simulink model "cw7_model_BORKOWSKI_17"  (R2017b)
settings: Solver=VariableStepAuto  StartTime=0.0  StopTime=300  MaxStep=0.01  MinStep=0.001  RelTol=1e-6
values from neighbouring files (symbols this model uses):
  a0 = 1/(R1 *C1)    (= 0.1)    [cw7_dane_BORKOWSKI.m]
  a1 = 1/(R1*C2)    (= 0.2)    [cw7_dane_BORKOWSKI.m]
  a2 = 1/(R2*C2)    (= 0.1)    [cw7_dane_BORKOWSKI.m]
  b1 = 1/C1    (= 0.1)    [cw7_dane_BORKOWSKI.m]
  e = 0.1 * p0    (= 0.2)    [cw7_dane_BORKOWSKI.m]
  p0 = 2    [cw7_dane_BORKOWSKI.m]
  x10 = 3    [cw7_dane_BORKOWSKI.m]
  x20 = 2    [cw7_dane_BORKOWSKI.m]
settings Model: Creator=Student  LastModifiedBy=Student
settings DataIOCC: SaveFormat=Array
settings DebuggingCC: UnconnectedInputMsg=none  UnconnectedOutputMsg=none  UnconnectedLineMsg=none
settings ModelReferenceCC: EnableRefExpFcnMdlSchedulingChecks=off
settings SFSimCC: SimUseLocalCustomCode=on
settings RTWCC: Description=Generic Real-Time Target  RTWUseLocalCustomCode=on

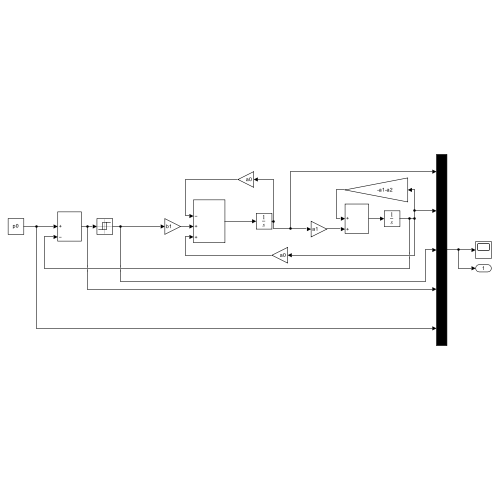
[thumbnail: Simulink's stored preview of the top-level diagram]
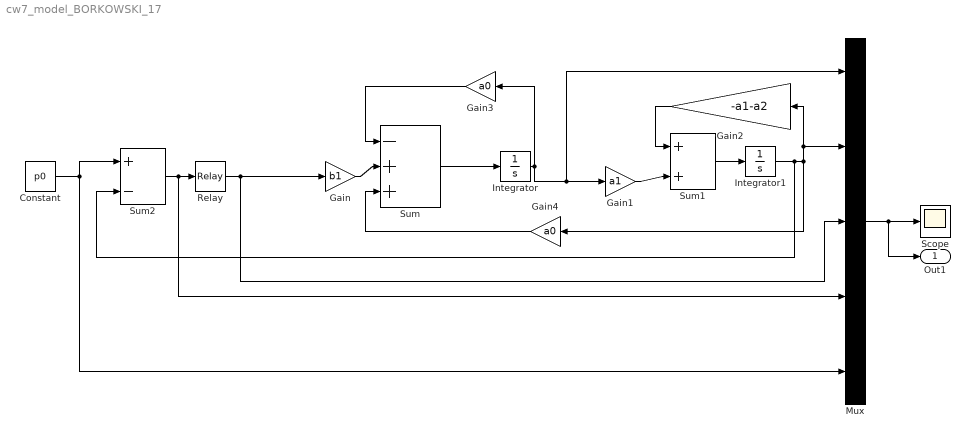
== system cw7_model_BORKOWSKI_17 ==
  Constant : Constant  Value=p0
  Gain : Gain  Gain=b1
  Gain1 : Gain  Gain=a1
  Gain2 : Gain  Gain=-a1-a2
  Gain3 : Gain  Gain=a0
  Gain4 : Gain  Gain=a0
  Integrator : Integrator  InitialCondition=x10
  Integrator1 : Integrator  InitialCondition=x20
  Mux : Mux  Inputs=5
  Relay : Relay  OnSwitchValue=e  OffSwitchValue=-e  OnOutputValue=u
  Scope : Scope
  Sum : Sum  Inputs=|-++
  Sum1 : Sum  Inputs=|++
  Sum2 : Sum  Inputs=|+-
  Out1 : Outport
  wires:
  Relay/1 -> Mux/3, Gain/1
  Integrator/1 -> Mux/1, Gain1/1, Gain3/1
  Gain/1 -> Sum/2
  Sum/1 -> Integrator/1
  Gain1/1 -> Sum1/2
  Gain3/1 -> Sum/1
  Sum1/1 -> Integrator1/1
  Integrator1/1 -> Sum2/2, Mux/2, Gain2/1, Gain4/1
  Gain2/1 -> Sum1/1
  Mux/1 -> Scope/1, Out1/1
  Gain4/1 -> Sum/3
  Constant/1 -> Mux/5, Sum2/1
  Sum2/1 -> Mux/4, Relay/1
════════════════════
PROMPT:
From the records above, retype only the lines starting at the line that contains "Gain3 : Gain" and ending at the line that contains "Gain4/1 -> Sum/3", both included.

RESULT OF THE TASK:
  Gain3 : Gain  Gain=a0
  Gain4 : Gain  Gain=a0
  Integrator : Integrator  InitialCondition=x10
  Integrator1 : Integrator  InitialCondition=x20
  Mux : Mux  Inputs=5
  Relay : Relay  OnSwitchValue=e  OffSwitchValue=-e  OnOutputValue=u
  Scope : Scope
  Sum : Sum  Inputs=|-++
  Sum1 : Sum  Inputs=|++
  Sum2 : Sum  Inputs=|+-
  Out1 : Outport
  wires:
  Relay/1 -> Mux/3, Gain/1
  Integrator/1 -> Mux/1, Gain1/1, Gain3/1
  Gain/1 -> Sum/2
  Sum/1 -> Integrator/1
  Gain1/1 -> Sum1/2
  Gain3/1 -> Sum/1
  Sum1/1 -> Integrator1/1
  Integrator1/1 -> Sum2/2, Mux/2, Gain2/1, Gain4/1
  Gain2/1 -> Sum1/1
  Mux/1 -> Scope/1, Out1/1
  Gain4/1 -> Sum/3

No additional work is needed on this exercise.